Thank you for your time!
Kellie

$ /data/CRYOSPARC/pyem/csparc2star.py --passthrough /data/CRYOSPARC/USERS/KELLIE/CRYOSPARC_projects/P1/J771/passthrough_particles.cs /data/CRYOSPARC/USERS/KELLIE/CRYOSPARC_projects/P1/J771/extracted_particles.cs from_cryosparc.star --loglevel debug
Detected CryoSPARC 2+ .cs file
Reading passthrough file
Particle passthrough detected
Concatenating passthrough fields: location/micrograph_uid, location/micrograph_path, location/micrograph_shape, location/center_x_frac, location/center_y_frac, ctf/type, ctf/accel_kv, ctf/cs_mm, ctf/amp_contrast, ctf/df1_A, ctf/df2_A, ctf/df_angle_rad, ctf/phase_shift_rad, ctf/scale, ctf/scale_const, ctf/cross_corr_ctffind4, ctf/ctf_fit_to_A, ctf/fig_of_merit_gctf, alignments3D/split, alignments3D/shift, alignments3D/pose, alignments3D/psize_A, alignments3D/error, alignments3D/error_min, alignments3D/resid_pow, alignments3D/slice_pow, alignments3D/image_pow, alignments3D/cross_cor, alignments3D/alpha, alignments3D/weight, alignments3D/pose_ess, alignments3D/shift_ess, alignments3D/class_posterior, alignments3D/class, alignments3D/class_ess, alignments2D/split, alignments2D/shift, alignments2D/pose, alignments2D/psize_A, alignments2D/error, alignments2D/error_min, alignments2D/resid_pow, alignments2D/slice_pow, alignments2D/image_pow, alignments2D/cross_cor, alignments2D/alpha, alignments2D/weight, alignments2D/pose_ess, alignments2D/shift_ess, alignments2D/class_posterior, alignments2D/class, alignments2D/class_ess, motion/type, motion/path, motion/idx, motion/frame_start, motion/frame_end, motion/zero_shift_frame, pick_stats/ncc_score, pick_stats/power, pick_stats/template_idx, pick_stats/angle_rad
Creating particle DataFrame from recarray
Directly copied fields: rlnDefocusAngle, rlnDetectorPixelSize, rlnCtfFigureOfMerit, rlnSphericalAberration, rlnAmplitudeContrast, rlnMicrographName, rlnCtfMaxResolution, rlnVoltage, rlnDefocusU, rlnPhaseShift, rlnDefocusV, rlnImageName, rlnMagnification
Converting normalized particle coordinates to absolute
Converted particle coordinates from normalized to absolute
Converting DEFOCUSANGLE from degrees to radians
Converting PHASESHIFT from degrees to radians
Collecting particle parameters from most likely classes
Columns must be same length as key
A passthrough file may be required (check inside the cryoSPARC 2+ job directory)
Columns must be same length as key
Traceback (most recent call last):
File “/data/CRYOSPARC/pyem/csparc2star.py”, line 42, in main
df = metadata.parse_cryosparc_2_cs(cs, passthrough=args.passthrough, minphic=args.minphic)
File “/data/CRYOSPARC/pyem/pyem/metadata.py”, line 349, in parse_cryosparc_2_cs
[cs[names[c]][i] for i, c in enumerate(cls)]))
File “/data/CRYOSPARC/miniconda2/lib/python2.7/site-packages/pandas/core/frame.py”, line 3116, in setitem
self._setitem_array(key, value)
File “/data/CRYOSPARC/miniconda2/lib/python2.7/site-packages/pandas/core/frame.py”, line 3138, in _setitem_array
raise ValueError(‘Columns must be same length as key’)
ValueError: Columns must be same length as key

Hi @Kellie, what kind of job is it?
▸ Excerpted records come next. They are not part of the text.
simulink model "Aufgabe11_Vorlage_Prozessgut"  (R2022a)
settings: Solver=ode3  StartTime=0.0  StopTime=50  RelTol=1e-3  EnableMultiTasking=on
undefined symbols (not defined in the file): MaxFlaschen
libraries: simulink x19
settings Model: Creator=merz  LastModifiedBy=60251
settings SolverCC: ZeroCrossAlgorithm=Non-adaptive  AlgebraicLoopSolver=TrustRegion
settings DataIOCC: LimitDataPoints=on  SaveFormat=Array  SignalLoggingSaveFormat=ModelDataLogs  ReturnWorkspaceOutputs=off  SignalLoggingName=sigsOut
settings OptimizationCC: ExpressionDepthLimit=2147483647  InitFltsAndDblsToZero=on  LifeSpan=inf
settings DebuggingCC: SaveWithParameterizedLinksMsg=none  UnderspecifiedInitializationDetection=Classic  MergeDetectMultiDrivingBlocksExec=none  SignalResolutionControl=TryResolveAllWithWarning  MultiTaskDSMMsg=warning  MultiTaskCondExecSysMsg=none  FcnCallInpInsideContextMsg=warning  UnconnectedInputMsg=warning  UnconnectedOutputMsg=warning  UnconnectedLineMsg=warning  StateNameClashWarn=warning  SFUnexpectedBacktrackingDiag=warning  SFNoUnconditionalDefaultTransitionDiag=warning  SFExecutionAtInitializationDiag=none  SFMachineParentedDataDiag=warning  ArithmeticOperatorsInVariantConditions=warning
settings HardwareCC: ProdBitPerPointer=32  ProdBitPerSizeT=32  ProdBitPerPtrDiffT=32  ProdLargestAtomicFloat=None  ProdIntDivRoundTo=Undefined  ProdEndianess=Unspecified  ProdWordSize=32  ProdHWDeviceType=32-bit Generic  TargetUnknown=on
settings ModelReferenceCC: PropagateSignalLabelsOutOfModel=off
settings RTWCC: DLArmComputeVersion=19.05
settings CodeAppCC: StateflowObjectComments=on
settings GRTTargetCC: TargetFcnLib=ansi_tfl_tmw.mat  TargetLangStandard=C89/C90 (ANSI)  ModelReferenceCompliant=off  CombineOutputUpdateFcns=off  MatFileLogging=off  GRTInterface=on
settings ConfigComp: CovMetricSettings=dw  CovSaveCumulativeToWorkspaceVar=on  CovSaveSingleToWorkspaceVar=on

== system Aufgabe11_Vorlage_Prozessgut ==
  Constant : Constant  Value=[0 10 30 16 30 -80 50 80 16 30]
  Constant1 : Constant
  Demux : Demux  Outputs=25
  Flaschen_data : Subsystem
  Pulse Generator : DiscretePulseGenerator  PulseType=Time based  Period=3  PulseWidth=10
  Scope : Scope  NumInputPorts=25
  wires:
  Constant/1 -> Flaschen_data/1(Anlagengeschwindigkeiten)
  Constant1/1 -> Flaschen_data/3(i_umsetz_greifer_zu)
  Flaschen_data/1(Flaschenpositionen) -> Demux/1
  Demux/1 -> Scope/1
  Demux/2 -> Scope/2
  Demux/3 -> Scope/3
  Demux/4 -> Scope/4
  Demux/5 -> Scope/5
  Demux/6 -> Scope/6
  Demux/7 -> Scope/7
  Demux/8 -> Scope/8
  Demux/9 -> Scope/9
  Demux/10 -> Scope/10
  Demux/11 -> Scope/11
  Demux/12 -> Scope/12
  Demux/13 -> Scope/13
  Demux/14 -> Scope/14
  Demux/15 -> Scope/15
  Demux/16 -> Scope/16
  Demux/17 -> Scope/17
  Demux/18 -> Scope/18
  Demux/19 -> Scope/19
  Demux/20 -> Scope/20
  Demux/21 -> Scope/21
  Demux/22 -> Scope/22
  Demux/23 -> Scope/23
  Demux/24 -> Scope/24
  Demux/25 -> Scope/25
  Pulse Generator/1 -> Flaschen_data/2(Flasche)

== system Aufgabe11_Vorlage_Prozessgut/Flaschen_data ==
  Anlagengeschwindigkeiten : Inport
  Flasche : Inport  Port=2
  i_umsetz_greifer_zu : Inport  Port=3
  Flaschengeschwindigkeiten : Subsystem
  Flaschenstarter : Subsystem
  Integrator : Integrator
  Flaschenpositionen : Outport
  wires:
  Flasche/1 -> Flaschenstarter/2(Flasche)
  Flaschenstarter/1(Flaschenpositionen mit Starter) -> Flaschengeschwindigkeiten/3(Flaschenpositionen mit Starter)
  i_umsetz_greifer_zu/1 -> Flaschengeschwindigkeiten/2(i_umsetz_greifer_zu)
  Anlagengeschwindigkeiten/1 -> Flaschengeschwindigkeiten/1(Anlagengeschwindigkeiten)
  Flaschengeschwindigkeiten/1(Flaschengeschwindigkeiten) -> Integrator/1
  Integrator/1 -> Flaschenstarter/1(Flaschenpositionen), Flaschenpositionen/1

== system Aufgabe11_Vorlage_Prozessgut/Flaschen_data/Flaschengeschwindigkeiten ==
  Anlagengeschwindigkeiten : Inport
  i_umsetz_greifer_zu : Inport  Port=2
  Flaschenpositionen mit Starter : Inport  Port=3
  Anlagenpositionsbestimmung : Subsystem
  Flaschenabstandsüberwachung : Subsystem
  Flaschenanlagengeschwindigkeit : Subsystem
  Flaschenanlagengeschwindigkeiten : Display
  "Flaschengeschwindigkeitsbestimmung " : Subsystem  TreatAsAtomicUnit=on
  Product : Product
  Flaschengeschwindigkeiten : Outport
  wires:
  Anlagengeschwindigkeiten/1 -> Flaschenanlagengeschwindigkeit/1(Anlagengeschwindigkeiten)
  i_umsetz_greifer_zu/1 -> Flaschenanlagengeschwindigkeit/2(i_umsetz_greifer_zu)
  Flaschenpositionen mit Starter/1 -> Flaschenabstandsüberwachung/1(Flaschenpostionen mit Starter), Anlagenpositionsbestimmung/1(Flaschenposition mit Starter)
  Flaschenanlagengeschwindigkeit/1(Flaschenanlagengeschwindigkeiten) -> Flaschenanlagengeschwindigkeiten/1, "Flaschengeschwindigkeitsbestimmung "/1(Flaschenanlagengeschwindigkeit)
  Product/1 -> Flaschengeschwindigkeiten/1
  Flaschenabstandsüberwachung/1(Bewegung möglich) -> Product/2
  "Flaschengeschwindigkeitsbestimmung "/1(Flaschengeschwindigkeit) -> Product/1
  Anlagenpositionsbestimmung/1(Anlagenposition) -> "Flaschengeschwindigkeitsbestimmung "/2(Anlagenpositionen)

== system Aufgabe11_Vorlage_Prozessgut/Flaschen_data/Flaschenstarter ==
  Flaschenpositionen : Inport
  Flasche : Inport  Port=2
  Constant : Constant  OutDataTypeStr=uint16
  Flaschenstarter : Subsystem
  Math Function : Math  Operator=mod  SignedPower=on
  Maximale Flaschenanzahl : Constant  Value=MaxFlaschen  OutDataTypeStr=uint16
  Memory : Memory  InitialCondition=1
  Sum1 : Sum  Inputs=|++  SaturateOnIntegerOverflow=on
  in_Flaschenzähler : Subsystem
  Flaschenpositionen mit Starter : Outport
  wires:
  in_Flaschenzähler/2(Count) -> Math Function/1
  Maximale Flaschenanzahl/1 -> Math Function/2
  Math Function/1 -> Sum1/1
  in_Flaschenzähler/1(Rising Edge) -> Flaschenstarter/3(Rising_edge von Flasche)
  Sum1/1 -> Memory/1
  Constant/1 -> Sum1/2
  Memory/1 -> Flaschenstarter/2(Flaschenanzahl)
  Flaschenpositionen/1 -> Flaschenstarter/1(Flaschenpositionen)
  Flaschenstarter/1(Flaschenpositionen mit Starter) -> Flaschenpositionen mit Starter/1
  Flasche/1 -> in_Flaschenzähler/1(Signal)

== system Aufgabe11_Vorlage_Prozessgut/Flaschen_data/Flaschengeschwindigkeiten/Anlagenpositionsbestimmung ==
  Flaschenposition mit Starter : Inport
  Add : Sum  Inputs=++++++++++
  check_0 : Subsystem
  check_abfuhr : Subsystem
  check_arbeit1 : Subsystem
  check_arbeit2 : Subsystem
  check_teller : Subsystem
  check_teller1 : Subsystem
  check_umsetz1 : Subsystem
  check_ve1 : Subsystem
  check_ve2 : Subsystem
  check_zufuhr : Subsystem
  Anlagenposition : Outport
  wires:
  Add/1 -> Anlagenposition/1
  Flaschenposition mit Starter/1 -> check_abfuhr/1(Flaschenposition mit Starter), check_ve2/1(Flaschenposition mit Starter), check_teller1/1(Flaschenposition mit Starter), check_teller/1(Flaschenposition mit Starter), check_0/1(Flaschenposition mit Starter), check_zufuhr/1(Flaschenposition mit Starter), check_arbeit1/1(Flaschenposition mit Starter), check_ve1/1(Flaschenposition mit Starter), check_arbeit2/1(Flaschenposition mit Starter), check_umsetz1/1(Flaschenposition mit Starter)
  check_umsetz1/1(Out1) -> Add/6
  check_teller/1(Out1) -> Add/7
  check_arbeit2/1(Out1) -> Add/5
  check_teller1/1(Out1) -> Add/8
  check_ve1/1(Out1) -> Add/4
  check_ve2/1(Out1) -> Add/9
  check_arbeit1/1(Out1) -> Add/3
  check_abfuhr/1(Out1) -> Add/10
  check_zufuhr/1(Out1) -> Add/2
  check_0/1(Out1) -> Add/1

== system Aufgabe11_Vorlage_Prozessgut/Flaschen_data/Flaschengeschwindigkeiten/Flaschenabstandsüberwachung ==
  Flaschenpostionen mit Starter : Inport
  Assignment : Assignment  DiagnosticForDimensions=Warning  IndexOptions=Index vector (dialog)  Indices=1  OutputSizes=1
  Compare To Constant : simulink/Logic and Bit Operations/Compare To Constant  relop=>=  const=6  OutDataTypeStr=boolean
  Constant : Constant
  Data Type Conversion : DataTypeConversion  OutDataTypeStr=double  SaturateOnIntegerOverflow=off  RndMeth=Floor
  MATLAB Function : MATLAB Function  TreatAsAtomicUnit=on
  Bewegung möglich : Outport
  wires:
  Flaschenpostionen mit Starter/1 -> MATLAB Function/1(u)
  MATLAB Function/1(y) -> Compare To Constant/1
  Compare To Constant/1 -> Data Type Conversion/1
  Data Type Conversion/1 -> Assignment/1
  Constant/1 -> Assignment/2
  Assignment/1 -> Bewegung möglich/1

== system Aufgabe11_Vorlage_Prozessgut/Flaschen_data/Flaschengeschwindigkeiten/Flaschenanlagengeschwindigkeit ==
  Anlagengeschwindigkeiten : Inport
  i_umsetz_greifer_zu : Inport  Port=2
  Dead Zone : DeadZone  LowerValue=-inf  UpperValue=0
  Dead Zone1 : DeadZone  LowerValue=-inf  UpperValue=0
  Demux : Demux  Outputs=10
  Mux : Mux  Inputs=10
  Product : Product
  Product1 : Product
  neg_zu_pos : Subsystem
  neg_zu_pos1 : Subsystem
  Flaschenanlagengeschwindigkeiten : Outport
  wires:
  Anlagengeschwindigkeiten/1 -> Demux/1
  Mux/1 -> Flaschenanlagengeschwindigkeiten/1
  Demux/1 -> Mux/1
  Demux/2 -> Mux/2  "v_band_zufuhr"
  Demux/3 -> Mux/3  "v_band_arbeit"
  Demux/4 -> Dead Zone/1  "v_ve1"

Is there another passthrough file in the job directory you can try?

The error is caused by the passthrough and particles files having a different number of particles. That step is done via a straight concatenation so it’s not robust to the difference. Maybe I will change this to a real merge to avoid the problem.

Thank you @DanielAsarnow for your fast reply!
That job specifically is an extraction job, in that directory there is also a passthrough_micrographs.cs file however that one ended up with a length mismatch error (let me know if you would like to see the debug of that one).

I have also tried csparc2star.py on a different job (a local motion correction) and I get the same exact error.

Thank you for your time!
Kellie

First, make sure you’re tracking the release branch of pyem, as it is stable.

Second, fastest way to deal with the issue for the extraction job is to convert the passthrough file itself to a star file, and then convert the particles file with --copy-micrograph-coordinates instead of the passthrough.